When asked about judges who verbally abuse or embarrass lawyers in court, Rothman said that other "judges have an obligation to do something about it," such as reporting the conduct to the appropriate agency or talking to the offending judge. But when asked whether he had ever taken any action against another judge, Rothman couldn't recall ever having done so.

And when asked — obviously by another lawyer in the crowd — whether he would sanction a lawyer for citing a court's unpublished decision, Rothman said he probably wouldn't unless "I didn't like what [the lawyer] was doing [and then] I'd probably cite him."

When his turn came, Margolin pointed out that in Israel, where he was born, judges are not elected; they are appointed. And anyone who asks to be a judge doesn't get appointed.

Referring to the Bible, Margolin raised such questions as "Am I my brother's keeper?"

"That is a basic theme of Judaism. But how do you define brother? Central Americans? Palestinians?" he said. Looking at the Passover declaration of "whoever is hungry come and eat at my table," he asked who was included in that invitation.

Katz concurred that her Jewish upbringing influences her to focus on issues affecting the environment, family and civil rights. While she tries to approach social problems with compassion, she acknowledged that it often comes down to balancing competing interests with limited funding.

"Whoever is hungry come to my table" may be a worthy concept, she said, but if San Francisco raises general assistance benefits significantly, it will "attract people from neighboring counties." That, in turn, will give rise to a whole new set of problems as well as drain money from other programs.

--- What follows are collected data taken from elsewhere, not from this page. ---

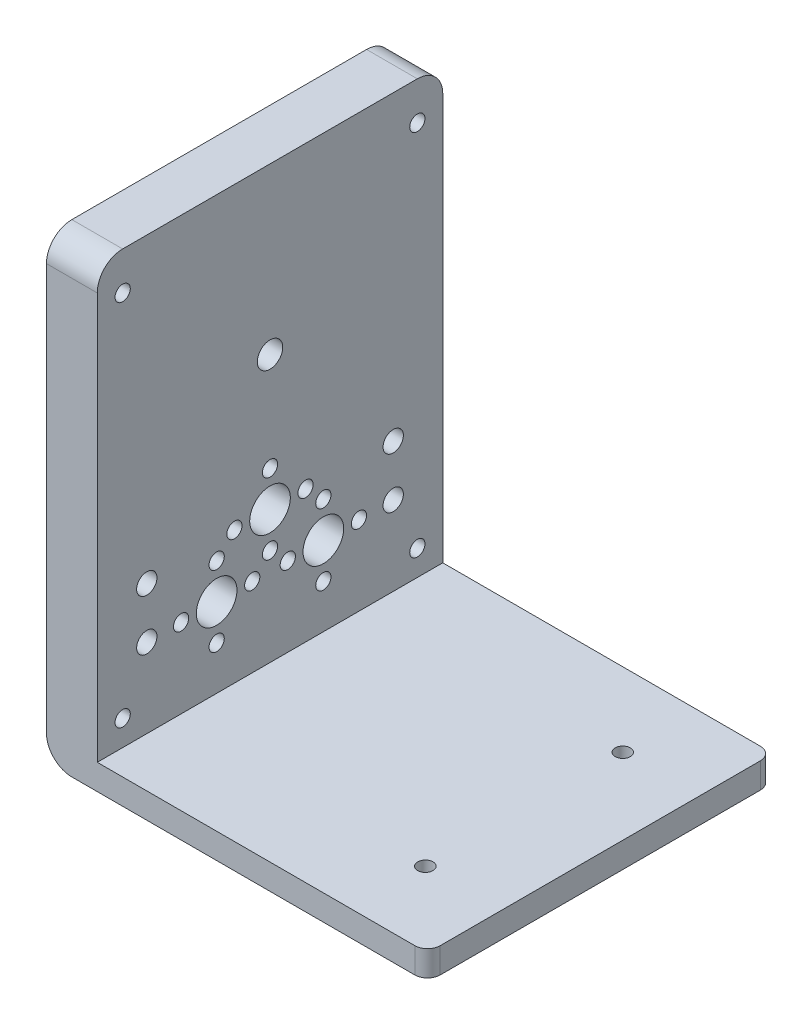
SolidWorks part; units mm, degrees
ref_plane "前视基准面" through (0, 0, 0) normal (0, 0, 1) x (1, 0, 0)
ref_plane "上视基准面" through (0, 0, 0) normal (0, 1, 0) x (1, 0, 0)
ref_plane "右视基准面" through (0, 0, 0) normal (1, 0, 0) x (0, 0, -1)
other "Configuration Table"
sketch "草图1" plane through (0, 0, 0) normal (0, 0, 1) x (1, 0, 0)
  line L0 (-15.419, 41.8994) -> (-15.419, -48.1006)
  line L1 (-15.419, -48.1006) -> (59.581, -48.1006)
  line L2 (59.581, -48.1006) -> (59.581, -43.1006)
  line L3 (59.581, -43.1006) -> (-5.419, -43.1006)
  line L4 (-5.419, -43.1006) -> (-5.419, 41.8994)
  line L5 (-5.419, 41.8994) -> (-15.419, 41.8994)
  dimension "D1" = 85
  dimension "D2" = 10
  dimension "D3" = 75
  dimension "D4" = 5
extrude "凸台-拉伸1" add sketch "草图1" along normal blind 68
sketch "草图2" plane through (-15.419, 0, 0) normal (-1, 0, 0) x (0, 0, 1)
  circle A0 centre (34, 9.3994) radius 2.5
extrude "切除-拉伸1" cut sketch "草图2" against normal through all
fillet "圆角1" radius 5 2 edges at (-10.419, 41.8994, 68) (-10.419, 41.8994, 0)
fillet "圆角3" radius 5 1 edges at (-15.419, -48.1006, 34)
sketch "草图7" plane through (-15.419, 0, 0) normal (-1, 0, 0) x (0, 0, 1)
  circle A2 centre (63, 34.3994) radius 1.5 construction
  circle A3 centre (5, 34.3994) radius 1.5 construction
  circle A4 centre (63, 34.3994) radius 1.5
  circle A5 centre (5, 34.3994) radius 1.5
extrude "切除-拉伸5" cut sketch "草图7" against normal blind 10
sketch "草图8" plane through (0, -48.1006, 0) normal (0, -1, 0) x (1, 0, 0)
  line L0 (-10.419, 68) -> (59.581, 0) construction
  line L1 (59.581, 68) -> (-10.419, 0) construction
  line L3 (59.581, 68) -> (59.581, 0) construction
  circle A1 centre (44.581, 14.5714) radius 1.5
  circle A2 centre (44.581, 53.4286) radius 1.5
  dimension "D6" = 3
  dimension "D7" = 3
  dimension "D2" = 15
  dimension "D3" = 15
extrude "切除-拉伸6" cut sketch "草图8" against normal blind 10
sketch "草图9" plane through (-15.419, 0, 0) normal (-1, 0, 0) x (0, 0, 1)
  line L0 (63, 36.8994) -> (63, -43.1006) construction
  line L1 (0, -43.1006) -> (68, -43.1006) construction
  line L2 (5, 36.8994) -> (5, -43.1006) construction
  line L3 (5, 36.8994) -> (5, 41.8994) construction
  circle A1 centre (5, -38.1006) radius 1.5
  circle A2 centre (63, -38.1006) radius 1.5
  dimension "D1" = 5
  dimension "D3" = 3
  dimension "D4" = 3
  dimension "D2" = 5
extrude "切除-拉伸7" cut sketch "草图9" against normal blind 10
fillet "圆角4" radius 2.5 2 edges at (59.581, -45.6006, 0) (59.581, -45.6006, 68)
sketch "草图14" plane through (-15.419, 0, 0) normal (-1, 0, 0) x (0, 0, 1)
  circle A1 centre (58.25, -27.4964) radius 2
  circle A2 centre (58.25, -27.4964) radius 2
  circle A3 centre (58.25, -17.4964) radius 2
  circle A4 centre (58.25, -17.4964) radius 2
  circle A5 centre (9.75, -17.4964) radius 2
  circle A6 centre (9.75, -17.4964) radius 2
  circle A7 centre (9.75, -27.4964) radius 2
  circle A8 centre (9.75, -27.4964) radius 2
  circle A9 centre (23.5, -34.4964) radius 1.5
  circle A10 centre (23.5, -34.4964) radius 1.5
  circle A11 centre (44.5, -27.4964) radius 4
  circle A12 centre (44.5, -27.4964) radius 4
  circle A13 centre (23.5, -27.4964) radius 4
  circle A14 centre (23.5, -27.4964) radius 4
  circle A15 centre (34, -16.9964) radius 4
  circle A20 centre (34, -16.9964) radius 4
  circle A21 centre (44.5, -20.4964) radius 1.5
  circle A22 centre (44.5, -20.4964) radius 1.5
  circle A23 centre (51.5, -27.4964) radius 1.5
  circle A24 centre (51.5, -27.4964) radius 1.5
  circle A25 centre (44.5, -34.4964) radius 1.5
  circle A26 centre (44.5, -34.4964) radius 1.5
  circle A27 centre (16.5, -27.4964) radius 1.5
  circle A28 centre (16.5, -27.4964) radius 1.5
  circle A29 centre (23.5, -20.4964) radius 1.5
  circle A30 centre (23.5, -20.4964) radius 1.5
  circle A31 centre (30.5, -27.4964) radius 1.5
  circle A32 centre (30.5, -27.4964) radius 1.5
  circle A33 centre (27, -16.9964) radius 1.5
  circle A34 centre (27, -16.9964) radius 1.5
  circle A35 centre (34, -9.9964) radius 1.5
  circle A36 centre (34, -9.9964) radius 1.5
  circle A37 centre (41, -16.9964) radius 1.5
  circle A38 centre (41, -16.9964) radius 1.5
  circle A39 centre (34, -23.9964) radius 1.5
  circle A40 centre (34, -23.9964) radius 1.5
  circle A41 centre (37.5, -27.4964) radius 1.5
  circle A42 centre (37.5, -27.4964) radius 1.5
  dimension "D1" = 0
  dimension "D2" = 0
  dimension "D3" = 0
  dimension "D4" = 0
  dimension "D5" = 0
  dimension "D6" = 0
  dimension "D7" = 0
  dimension "D9" = 0
  dimension "D10" = 0
  dimension "D11" = 0
  dimension "D12" = 0
  dimension "D13" = 0
  dimension "D14" = 0
  dimension "D15" = 0
  dimension "D16" = 0
  dimension "D17" = 0
  dimension "D18" = 0
  dimension "D19" = 0
  dimension "D20" = 0
extrude "切除-拉伸9" cut sketch "草图14" against normal through all

Using Katz and Rothman, neither of whom has ever practiced criminal law, Margolin did a bit of role-playing. He said he had just shot someone in front of the office and asked the other panelists if they would represent him and keep the gun in their safe. Although both were concerned about the ethics of taking the gun, neither suggested calling 911 to get help for the victim.

As Margolin pointed out, the situation presents an ethical conflict.

On one hand there may be a dying person outside who needs medical attention. But on the other, calling either the police or an ambulance could be acting against the client's interest and a violation of the attorney-client relationship.

"It's very easy to talk about rules," Margolin said, "but they are difficult to live by."